An den Rändern des Buddhismus: Der Film „Friends in High Places“ stellt den burmesischen Nats-Kult vor

Nats-Rituale bewegen sich zwischen Schutz, Lebenshilfe und Feiertagsunterhaltung

An den Rändern des Buddhismus führt dieser burmesische Kult ein ziemlich flamboyantes Leben, in dem es drastischer, praxisbezogener und wesentlich unseriöser als in der Hauptreligion zugeht. Keiner gibt es gerne zu, aber alle gehen hin. Denn schaden kann es ja nicht.

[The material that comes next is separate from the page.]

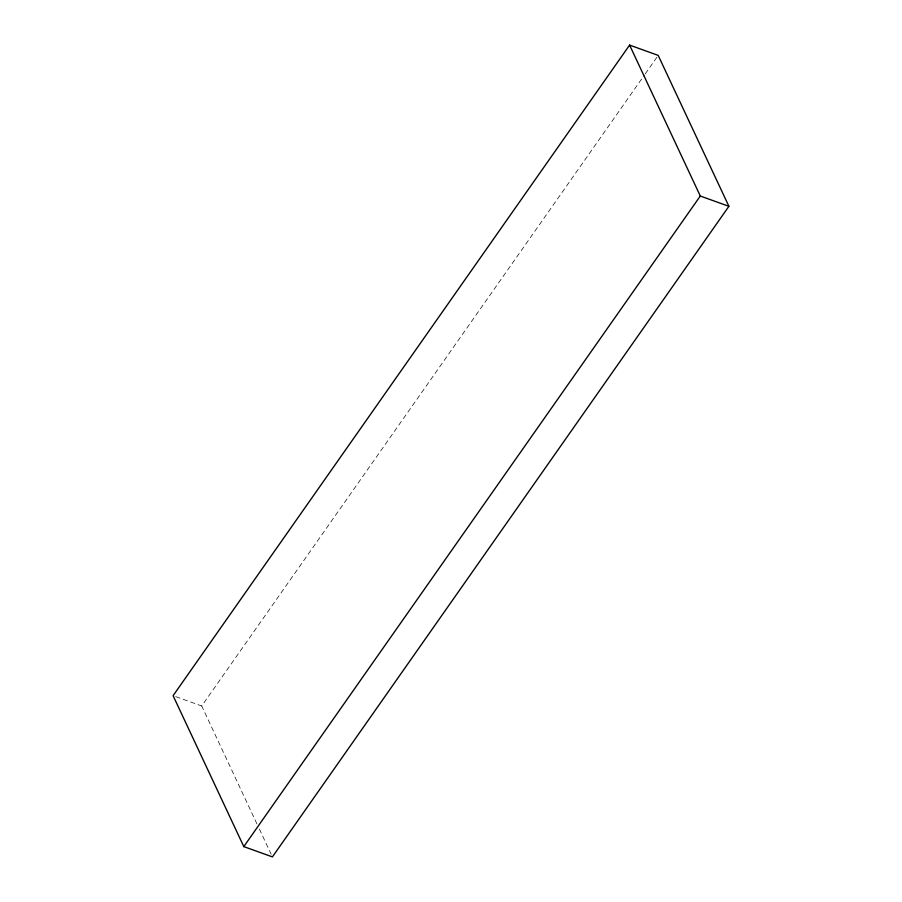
<?xml version="1.0" encoding="UTF-8"?>
<svg xmlns="http://www.w3.org/2000/svg" width="902" height="902" viewBox="0 0 902 902"><rect width="100%" height="100%" fill="white"/><g stroke="black" fill="none" stroke-linecap="round" stroke-linejoin="round"><path stroke-width="0.68" stroke-dasharray="4.51 3.38" d="M256.957 823.921L201.71 705.973L644.445 75.001M645.257 73.851L658.201 55.394M175.698 696.626L201.71 705.973M259.336 828.994L271.22 854.363"/><path stroke-width="1.35" d="M629.596 45.1L173.094 695.69L243.799 846.606L272.404 856.9L728.906 206.31L658.201 55.394L629.596 45.1L700.29 196.027L728.906 206.31M243.799 846.606L700.29 196.027"/></g></svg>

Der Legende nach waren die Nats Mitglieder von Königshäusern, die von den Herrschern aus Neid, Gier oder Rache gemeuchelt wurden. Im Laufe der Jahrhunderte stiegen sie in den Rang von Schutzgeistern auf. Dabei ist die reine Zahl der Nats – 37 – überschaubarer als ihr Klassifikationsmuster, das sich an Namen wie „Herr der neun Städte“ oder „Die kleine Flötendame“ erkennen lässt. Der Nats-Kosmos liefert aber eine Palette, die groß genug ist, um eine Vielzahl von Zwecken abzudecken. In der burmesischen Kultur, in der das Abladen eigener Probleme auf andere als unangebracht gilt, ist der Nats-Kult eine allseits akzeptierte Instanz der Leidabfuhr. Im Alltag ist er vor allem in Form vieler kleiner Figurinen präsent.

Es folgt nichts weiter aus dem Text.